[Data to examine — start]

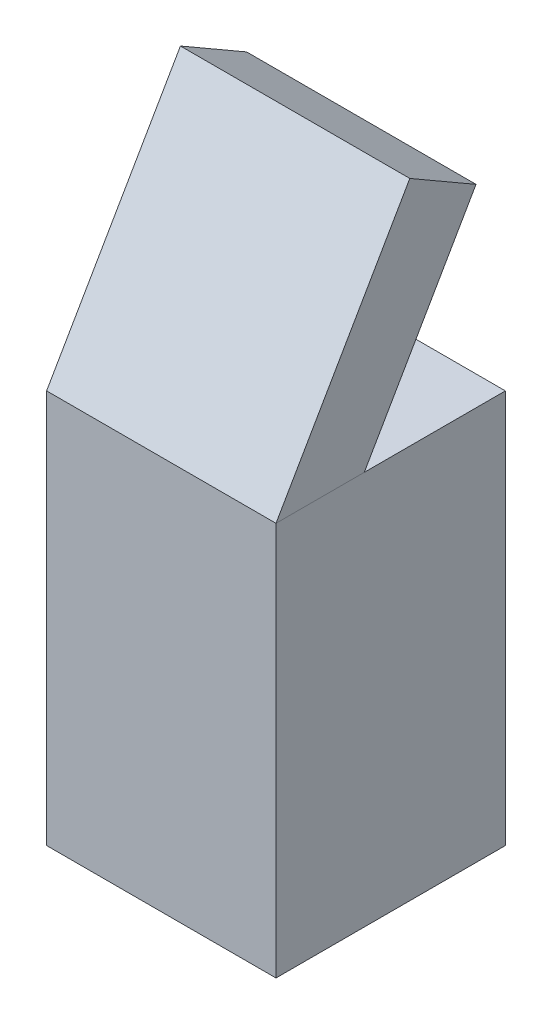
ISO-10303-21;
HEADER;
FILE_DESCRIPTION(('STEP AP214'),'2;1');
FILE_NAME('part.step','',(''),(''),'','','');
FILE_SCHEMA(('AUTOMOTIVE_DESIGN { 1 0 10303 214 1 1 1 1 }'));
ENDSEC;
DATA;
#1=APPLICATION_CONTEXT('core data for automotive mechanical design processes');
#2=APPLICATION_PROTOCOL_DEFINITION('international standard','automotive_design',2000,#1);
#3=PRODUCT_CONTEXT('',#1,'mechanical');
#4=PRODUCT('Part','Part','',(#3));
#5=PRODUCT_RELATED_PRODUCT_CATEGORY('part','',(#4));
#6=PRODUCT_DEFINITION_FORMATION('','',#4);
#7=PRODUCT_DEFINITION_CONTEXT('part definition',#1,'design');
#8=PRODUCT_DEFINITION('design','',#6,#7);
#9=PRODUCT_DEFINITION_SHAPE('','',#8);
#10=(LENGTH_UNIT() NAMED_UNIT(*) SI_UNIT(.MILLI.,.METRE.));
#11=(NAMED_UNIT(*) PLANE_ANGLE_UNIT() SI_UNIT($,.RADIAN.));
#12=(NAMED_UNIT(*) SI_UNIT($,.STERADIAN.) SOLID_ANGLE_UNIT());
#13=UNCERTAINTY_MEASURE_WITH_UNIT(LENGTH_MEASURE(1.E-05),#10,'distance_accuracy_value','');
#14=(GEOMETRIC_REPRESENTATION_CONTEXT(3) GLOBAL_UNCERTAINTY_ASSIGNED_CONTEXT((#13)) GLOBAL_UNIT_ASSIGNED_CONTEXT((#10,
#11,#12)) REPRESENTATION_CONTEXT('',''));
#15=CARTESIAN_POINT('',(0.,0.,0.));
#16=DIRECTION('',(0.,0.,1.));
#17=DIRECTION('',(1.,0.,0.));
#18=AXIS2_PLACEMENT_3D('',#15,#16,#17);
#19=CARTESIAN_POINT('',(-300.,1030.,69.0598923241498));
#20=DIRECTION('',(0.,-1.,0.));
#21=DIRECTION('',(0.,0.,-1.));
#22=AXIS2_PLACEMENT_3D('',#19,#20,#21);
#23=PLANE('',#22);
#24=DIRECTION('',(0.,0.,-1.));
#25=VECTOR('',#24,1.);
#26=CARTESIAN_POINT('',(300.,1030.,69.0598923241498));
#27=LINE('',#26,#25);
#28=CARTESIAN_POINT('',(300.,1030.,300.));
#29=VERTEX_POINT('',#28);
#30=CARTESIAN_POINT('',(300.,1030.,69.0598923241498));
#31=VERTEX_POINT('',#30);
#32=EDGE_CURVE('E107',#29,#31,#27,.T.);
#33=ORIENTED_EDGE('',*,*,#32,.F.);
#34=DIRECTION('',(1.,0.,0.));
#35=VECTOR('',#34,1.);
#36=CARTESIAN_POINT('',(-300.,1030.,300.));
#37=LINE('',#36,#35);
#38=CARTESIAN_POINT('',(-300.,1030.,300.));
#39=VERTEX_POINT('',#38);
#40=EDGE_CURVE('E12',#39,#29,#37,.T.);
#41=ORIENTED_EDGE('',*,*,#40,.F.);
#42=DIRECTION('',(0.,0.,-1.));
#43=VECTOR('',#42,1.);
#44=CARTESIAN_POINT('',(-300.,1030.,69.0598923241498));
#45=LINE('',#44,#43);
#46=CARTESIAN_POINT('',(-300.,1030.,69.0598923241498));
#47=VERTEX_POINT('',#46);
#48=EDGE_CURVE('E101',#39,#47,#45,.T.);
#49=ORIENTED_EDGE('',*,*,#48,.T.);
#50=DIRECTION('',(1.,0.,0.));
#51=VECTOR('',#50,1.);
#52=CARTESIAN_POINT('',(-300.,1030.,69.0598923241498));
#53=LINE('',#52,#51);
#54=EDGE_CURVE('E46',#47,#31,#53,.T.);
#55=ORIENTED_EDGE('',*,*,#54,.T.);
#56=EDGE_LOOP('',(#33,#41,#49,#55));
#57=FACE_BOUND('',#56,.T.);
#58=ADVANCED_FACE('F43',(#57),#23,.T.);
#59=CARTESIAN_POINT('',(-300.,1030.,300.));
#60=DIRECTION('',(0.,0.499999999999998,0.86602540378444));
#61=DIRECTION('',(0.,-0.86602540378444,0.499999999999998));
#62=AXIS2_PLACEMENT_3D('',#59,#60,#61);
#63=PLANE('',#62);
#64=DIRECTION('',(0.,-0.86602540378444,0.499999999999998));
#65=VECTOR('',#64,1.);
#66=CARTESIAN_POINT('',(300.,1030.,300.));
#67=LINE('',#66,#65);
#68=CARTESIAN_POINT('',(300.,1636.21778264911,-49.9999999999984));
#69=VERTEX_POINT('',#68);
#70=EDGE_CURVE('E103',#69,#29,#67,.T.);
#71=ORIENTED_EDGE('',*,*,#70,.F.);
#72=DIRECTION('',(1.,0.,0.));
#73=VECTOR('',#72,1.);
#74=CARTESIAN_POINT('',(-300.,1636.21778264911,-49.9999999999984));
#75=LINE('',#74,#73);
#76=CARTESIAN_POINT('',(-300.,1636.21778264911,-49.9999999999984));
#77=VERTEX_POINT('',#76);
#78=EDGE_CURVE('E52',#77,#69,#75,.T.);
#79=ORIENTED_EDGE('',*,*,#78,.F.);
#80=DIRECTION('',(0.,-0.86602540378444,0.499999999999998));
#81=VECTOR('',#80,1.);
#82=CARTESIAN_POINT('',(-300.,1030.,300.));
#83=LINE('',#82,#81);
#84=EDGE_CURVE('E98',#77,#39,#83,.T.);
#85=ORIENTED_EDGE('',*,*,#84,.T.);
#86=ORIENTED_EDGE('',*,*,#40,.T.);
#87=EDGE_LOOP('',(#71,#79,#85,#86));
#88=FACE_BOUND('',#87,.T.);
#89=ADVANCED_FACE('F117',(#88),#63,.T.);
#90=CARTESIAN_POINT('',(-300.,1636.21778264911,-49.9999999999984));
#91=DIRECTION('',(0.,0.866025403784438,-0.5));
#92=DIRECTION('',(0.,0.5,0.866025403784439));
#93=AXIS2_PLACEMENT_3D('',#90,#91,#92);
#94=PLANE('',#93);
#95=DIRECTION('',(0.,0.5,0.866025403784439));
#96=VECTOR('',#95,1.);
#97=CARTESIAN_POINT('',(300.,1636.21778264911,-49.9999999999984));
#98=LINE('',#97,#96);
#99=CARTESIAN_POINT('',(300.,1536.21778264911,-223.205080756888));
#100=VERTEX_POINT('',#99);
#101=EDGE_CURVE('E93',#100,#69,#98,.T.);
#102=ORIENTED_EDGE('',*,*,#101,.F.);
#103=DIRECTION('',(1.,0.,0.));
#104=VECTOR('',#103,1.);
#105=CARTESIAN_POINT('',(-300.,1536.21778264911,-223.205080756888));
#106=LINE('',#105,#104);
#107=CARTESIAN_POINT('',(-300.,1536.21778264911,-223.205080756888));
#108=VERTEX_POINT('',#107);
#109=EDGE_CURVE('E88',#108,#100,#106,.T.);
#110=ORIENTED_EDGE('',*,*,#109,.F.);
#111=DIRECTION('',(0.,0.5,0.866025403784439));
#112=VECTOR('',#111,1.);
#113=CARTESIAN_POINT('',(-300.,1636.21778264911,-49.9999999999984));
#114=LINE('',#113,#112);
#115=EDGE_CURVE('E91',#108,#77,#114,.T.);
#116=ORIENTED_EDGE('',*,*,#115,.T.);
#117=ORIENTED_EDGE('',*,*,#78,.T.);
#118=EDGE_LOOP('',(#102,#110,#116,#117));
#119=FACE_BOUND('',#118,.T.);
#120=ADVANCED_FACE('F90',(#119),#94,.T.);
#121=CARTESIAN_POINT('',(-300.,1536.21778264911,-223.205080756888));
#122=DIRECTION('',(0.,-0.5,-0.866025403784438));
#123=DIRECTION('',(0.,0.866025403784439,-0.5));
#124=AXIS2_PLACEMENT_3D('',#121,#122,#123);
#125=PLANE('',#124);
#126=DIRECTION('',(0.,0.866025403784439,-0.5));
#127=VECTOR('',#126,1.);
#128=CARTESIAN_POINT('',(300.,1536.21778264911,-223.205080756888));
#129=LINE('',#128,#127);
#130=EDGE_CURVE('E110',#31,#100,#129,.T.);
#131=ORIENTED_EDGE('',*,*,#130,.F.);
#132=ORIENTED_EDGE('',*,*,#54,.F.);
#133=DIRECTION('',(0.,0.866025403784439,-0.5));
#134=VECTOR('',#133,1.);
#135=CARTESIAN_POINT('',(-300.,1536.21778264911,-223.205080756888));
#136=LINE('',#135,#134);
#137=EDGE_CURVE('E97',#47,#108,#136,.T.);
#138=ORIENTED_EDGE('',*,*,#137,.T.);
#139=ORIENTED_EDGE('',*,*,#109,.T.);
#140=EDGE_LOOP('',(#131,#132,#138,#139));
#141=FACE_BOUND('',#140,.T.);
#142=ADVANCED_FACE('F100',(#141),#125,.T.);
#143=CARTESIAN_POINT('',(-300.,1030.,300.));
#144=DIRECTION('',(-1.,0.,0.));
#145=DIRECTION('',(0.,0.,1.));
#146=AXIS2_PLACEMENT_3D('',#143,#144,#145);
#147=PLANE('',#146);
#148=ORIENTED_EDGE('',*,*,#48,.F.);
#149=ORIENTED_EDGE('',*,*,#84,.F.);
#150=ORIENTED_EDGE('',*,*,#115,.F.);
#151=ORIENTED_EDGE('',*,*,#137,.F.);
#152=EDGE_LOOP('',(#148,#149,#150,#151));
#153=FACE_BOUND('',#152,.T.);
#154=ADVANCED_FACE('F96',(#153),#147,.T.);
#155=CARTESIAN_POINT('',(300.,1030.,300.));
#156=DIRECTION('',(-1.,0.,0.));
#157=DIRECTION('',(0.,0.,1.));
#158=AXIS2_PLACEMENT_3D('',#155,#156,#157);
#159=PLANE('',#158);
#160=ORIENTED_EDGE('',*,*,#32,.T.);
#161=ORIENTED_EDGE('',*,*,#130,.T.);
#162=ORIENTED_EDGE('',*,*,#101,.T.);
#163=ORIENTED_EDGE('',*,*,#70,.T.);
#164=EDGE_LOOP('',(#160,#161,#162,#163));
#165=FACE_BOUND('',#164,.T.);
#166=ADVANCED_FACE('F116',(#165),#159,.F.);
#167=CLOSED_SHELL('',(#58,#89,#120,#142,#154,#166));
#168=MANIFOLD_SOLID_BREP('B2',#167);
#169=CARTESIAN_POINT('',(300.,1030.,-300.));
#170=DIRECTION('',(-1.,0.,0.));
#171=DIRECTION('',(0.,0.,1.));
#172=AXIS2_PLACEMENT_3D('',#169,#170,#171);
#173=PLANE('',#172);
#174=DIRECTION('',(0.,0.,-1.));
#175=VECTOR('',#174,1.);
#176=CARTESIAN_POINT('',(300.,0.,-300.));
#177=LINE('',#176,#175);
#178=CARTESIAN_POINT('',(300.,0.,300.));
#179=VERTEX_POINT('',#178);
#180=CARTESIAN_POINT('',(300.,0.,-300.));
#181=VERTEX_POINT('',#180);
#182=EDGE_CURVE('E230',#179,#181,#177,.T.);
#183=ORIENTED_EDGE('',*,*,#182,.T.);
#184=DIRECTION('',(0.,-1.,0.));
#185=VECTOR('',#184,1.);
#186=CARTESIAN_POINT('',(300.,1030.,-300.));
#187=LINE('',#186,#185);
#188=CARTESIAN_POINT('',(300.,1030.,-300.));
#189=VERTEX_POINT('',#188);
#190=EDGE_CURVE('E41',#189,#181,#187,.T.);
#191=ORIENTED_EDGE('',*,*,#190,.F.);
#192=DIRECTION('',(0.,0.,-1.));
#193=VECTOR('',#192,1.);
#194=CARTESIAN_POINT('',(300.,1030.,-300.));
#195=LINE('',#194,#193);
#196=CARTESIAN_POINT('',(300.,1030.,300.));
#197=VERTEX_POINT('',#196);
#198=EDGE_CURVE('E218',#197,#189,#195,.T.);
#199=ORIENTED_EDGE('',*,*,#198,.F.);
#200=DIRECTION('',(0.,-1.,0.));
#201=VECTOR('',#200,1.);
#202=CARTESIAN_POINT('',(300.,1030.,300.));
#203=LINE('',#202,#201);
#204=EDGE_CURVE('E226',#197,#179,#203,.T.);
#205=ORIENTED_EDGE('',*,*,#204,.T.);
#206=EDGE_LOOP('',(#183,#191,#199,#205));
#207=FACE_BOUND('',#206,.T.);
#208=ADVANCED_FACE('F167',(#207),#173,.F.);
#209=CARTESIAN_POINT('',(-300.,1030.,-300.));
#210=DIRECTION('',(0.,0.,1.));
#211=DIRECTION('',(1.,0.,0.));
#212=AXIS2_PLACEMENT_3D('',#209,#210,#211);
#213=PLANE('',#212);
#214=DIRECTION('',(-1.,0.,0.));
#215=VECTOR('',#214,1.);
#216=CARTESIAN_POINT('',(-300.,0.,-300.));
#217=LINE('',#216,#215);
#218=CARTESIAN_POINT('',(-300.,0.,-300.));
#219=VERTEX_POINT('',#218);
#220=EDGE_CURVE('E222',#181,#219,#217,.T.);
#221=ORIENTED_EDGE('',*,*,#220,.T.);
#222=DIRECTION('',(0.,-1.,0.));
#223=VECTOR('',#222,1.);
#224=CARTESIAN_POINT('',(-300.,1030.,-300.));
#225=LINE('',#224,#223);
#226=CARTESIAN_POINT('',(-300.,1030.,-300.));
#227=VERTEX_POINT('',#226);
#228=EDGE_CURVE('E175',#227,#219,#225,.T.);
#229=ORIENTED_EDGE('',*,*,#228,.F.);
#230=DIRECTION('',(-1.,0.,0.));
#231=VECTOR('',#230,1.);
#232=CARTESIAN_POINT('',(-300.,1030.,-300.));
#233=LINE('',#232,#231);
#234=EDGE_CURVE('E213',#189,#227,#233,.T.);
#235=ORIENTED_EDGE('',*,*,#234,.F.);
#236=ORIENTED_EDGE('',*,*,#190,.T.);
#237=EDGE_LOOP('',(#221,#229,#235,#236));
#238=FACE_BOUND('',#237,.T.);
#239=ADVANCED_FACE('F221',(#238),#213,.F.);
#240=CARTESIAN_POINT('',(-300.,1030.,-300.));
#241=DIRECTION('',(1.,0.,0.));
#242=DIRECTION('',(0.,0.,-1.));
#243=AXIS2_PLACEMENT_3D('',#240,#241,#242);
#244=PLANE('',#243);
#245=DIRECTION('',(0.,0.,1.));
#246=VECTOR('',#245,1.);
#247=CARTESIAN_POINT('',(-300.,0.,-300.));
#248=LINE('',#247,#246);
#249=CARTESIAN_POINT('',(-300.,0.,300.));
#250=VERTEX_POINT('',#249);
#251=EDGE_CURVE('E200',#219,#250,#248,.T.);
#252=ORIENTED_EDGE('',*,*,#251,.T.);
#253=DIRECTION('',(0.,-1.,0.));
#254=VECTOR('',#253,1.);
#255=CARTESIAN_POINT('',(-300.,1030.,300.));
#256=LINE('',#255,#254);
#257=CARTESIAN_POINT('',(-300.,1030.,300.));
#258=VERTEX_POINT('',#257);
#259=EDGE_CURVE('E223',#258,#250,#256,.T.);
#260=ORIENTED_EDGE('',*,*,#259,.F.);
#261=DIRECTION('',(0.,0.,1.));
#262=VECTOR('',#261,1.);
#263=CARTESIAN_POINT('',(-300.,1030.,-300.));
#264=LINE('',#263,#262);
#265=EDGE_CURVE('E216',#227,#258,#264,.T.);
#266=ORIENTED_EDGE('',*,*,#265,.F.);
#267=ORIENTED_EDGE('',*,*,#228,.T.);
#268=EDGE_LOOP('',(#252,#260,#266,#267));
#269=FACE_BOUND('',#268,.T.);
#270=ADVANCED_FACE('F224',(#269),#244,.F.);
#271=CARTESIAN_POINT('',(-300.,1030.,300.));
#272=DIRECTION('',(0.,0.,-1.));
#273=DIRECTION('',(-1.,0.,0.));
#274=AXIS2_PLACEMENT_3D('',#271,#272,#273);
#275=PLANE('',#274);
#276=DIRECTION('',(1.,0.,0.));
#277=VECTOR('',#276,1.);
#278=CARTESIAN_POINT('',(-300.,0.,300.));
#279=LINE('',#278,#277);
#280=EDGE_CURVE('E206',#250,#179,#279,.T.);
#281=ORIENTED_EDGE('',*,*,#280,.T.);
#282=ORIENTED_EDGE('',*,*,#204,.F.);
#283=DIRECTION('',(1.,0.,0.));
#284=VECTOR('',#283,1.);
#285=CARTESIAN_POINT('',(-300.,1030.,300.));
#286=LINE('',#285,#284);
#287=EDGE_CURVE('E183',#258,#197,#286,.T.);
#288=ORIENTED_EDGE('',*,*,#287,.F.);
#289=ORIENTED_EDGE('',*,*,#259,.T.);
#290=EDGE_LOOP('',(#281,#282,#288,#289));
#291=FACE_BOUND('',#290,.T.);
#292=ADVANCED_FACE('F237',(#291),#275,.F.);
#293=CARTESIAN_POINT('',(300.,1030.,300.));
#294=DIRECTION('',(0.,1.,0.));
#295=DIRECTION('',(0.,0.,1.));
#296=AXIS2_PLACEMENT_3D('',#293,#294,#295);
#297=PLANE('',#296);
#298=ORIENTED_EDGE('',*,*,#198,.T.);
#299=ORIENTED_EDGE('',*,*,#234,.T.);
#300=ORIENTED_EDGE('',*,*,#265,.T.);
#301=ORIENTED_EDGE('',*,*,#287,.T.);
#302=EDGE_LOOP('',(#298,#299,#300,#301));
#303=FACE_BOUND('',#302,.T.);
#304=ADVANCED_FACE('F214',(#303),#297,.T.);
#305=CARTESIAN_POINT('',(300.,0.,300.));
#306=DIRECTION('',(0.,1.,0.));
#307=DIRECTION('',(0.,0.,1.));
#308=AXIS2_PLACEMENT_3D('',#305,#306,#307);
#309=PLANE('',#308);
#310=ORIENTED_EDGE('',*,*,#182,.F.);
#311=ORIENTED_EDGE('',*,*,#280,.F.);
#312=ORIENTED_EDGE('',*,*,#251,.F.);
#313=ORIENTED_EDGE('',*,*,#220,.F.);
#314=EDGE_LOOP('',(#310,#311,#312,#313));
#315=FACE_BOUND('',#314,.T.);
#316=ADVANCED_FACE('F240',(#315),#309,.F.);
#317=CLOSED_SHELL('',(#208,#239,#270,#292,#304,#316));
#318=MANIFOLD_SOLID_BREP('B6',#317);
#319=ADVANCED_BREP_SHAPE_REPRESENTATION('',(#18,#168,#318),#14);
#320=SHAPE_DEFINITION_REPRESENTATION(#9,#319);
ENDSEC;
END-ISO-10303-21;

[Data to examine — finish]

§ What is required:
Write down again, exactly as given, only the lines above that fall from the line with "#204=EDGE_CURVE('E226',#197,#179,#203,.T.);" to the line with "#255=CARTESIAN_POINT('',(-300.,1030.,300.));", inclusive.

§ Task answer:
#204=EDGE_CURVE('E226',#197,#179,#203,.T.);
#205=ORIENTED_EDGE('',*,*,#204,.T.);
#206=EDGE_LOOP('',(#183,#191,#199,#205));
#207=FACE_BOUND('',#206,.T.);
#208=ADVANCED_FACE('F167',(#207),#173,.F.);
#209=CARTESIAN_POINT('',(-300.,1030.,-300.));
#210=DIRECTION('',(0.,0.,1.));
#211=DIRECTION('',(1.,0.,0.));
#212=AXIS2_PLACEMENT_3D('',#209,#210,#211);
#213=PLANE('',#212);
#214=DIRECTION('',(-1.,0.,0.));
#215=VECTOR('',#214,1.);
#216=CARTESIAN_POINT('',(-300.,0.,-300.));
#217=LINE('',#216,#215);
#218=CARTESIAN_POINT('',(-300.,0.,-300.));
#219=VERTEX_POINT('',#218);
#220=EDGE_CURVE('E222',#181,#219,#217,.T.);
#221=ORIENTED_EDGE('',*,*,#220,.T.);
#222=DIRECTION('',(0.,-1.,0.));
#223=VECTOR('',#222,1.);
#224=CARTESIAN_POINT('',(-300.,1030.,-300.));
#225=LINE('',#224,#223);
#226=CARTESIAN_POINT('',(-300.,1030.,-300.));
#227=VERTEX_POINT('',#226);
#228=EDGE_CURVE('E175',#227,#219,#225,.T.);
#229=ORIENTED_EDGE('',*,*,#228,.F.);
#230=DIRECTION('',(-1.,0.,0.));
#231=VECTOR('',#230,1.);
#232=CARTESIAN_POINT('',(-300.,1030.,-300.));
#233=LINE('',#232,#231);
#234=EDGE_CURVE('E213',#189,#227,#233,.T.);
#235=ORIENTED_EDGE('',*,*,#234,.F.);
#236=ORIENTED_EDGE('',*,*,#190,.T.);
#237=EDGE_LOOP('',(#221,#229,#235,#236));
#238=FACE_BOUND('',#237,.T.);
#239=ADVANCED_FACE('F221',(#238),#213,.F.);
#240=CARTESIAN_POINT('',(-300.,1030.,-300.));
#241=DIRECTION('',(1.,0.,0.));
#242=DIRECTION('',(0.,0.,-1.));
#243=AXIS2_PLACEMENT_3D('',#240,#241,#242);
#244=PLANE('',#243);
#245=DIRECTION('',(0.,0.,1.));
#246=VECTOR('',#245,1.);
#247=CARTESIAN_POINT('',(-300.,0.,-300.));
#248=LINE('',#247,#246);
#249=CARTESIAN_POINT('',(-300.,0.,300.));
#250=VERTEX_POINT('',#249);
#251=EDGE_CURVE('E200',#219,#250,#248,.T.);
#252=ORIENTED_EDGE('',*,*,#251,.T.);
#253=DIRECTION('',(0.,-1.,0.));
#254=VECTOR('',#253,1.);
#255=CARTESIAN_POINT('',(-300.,1030.,300.));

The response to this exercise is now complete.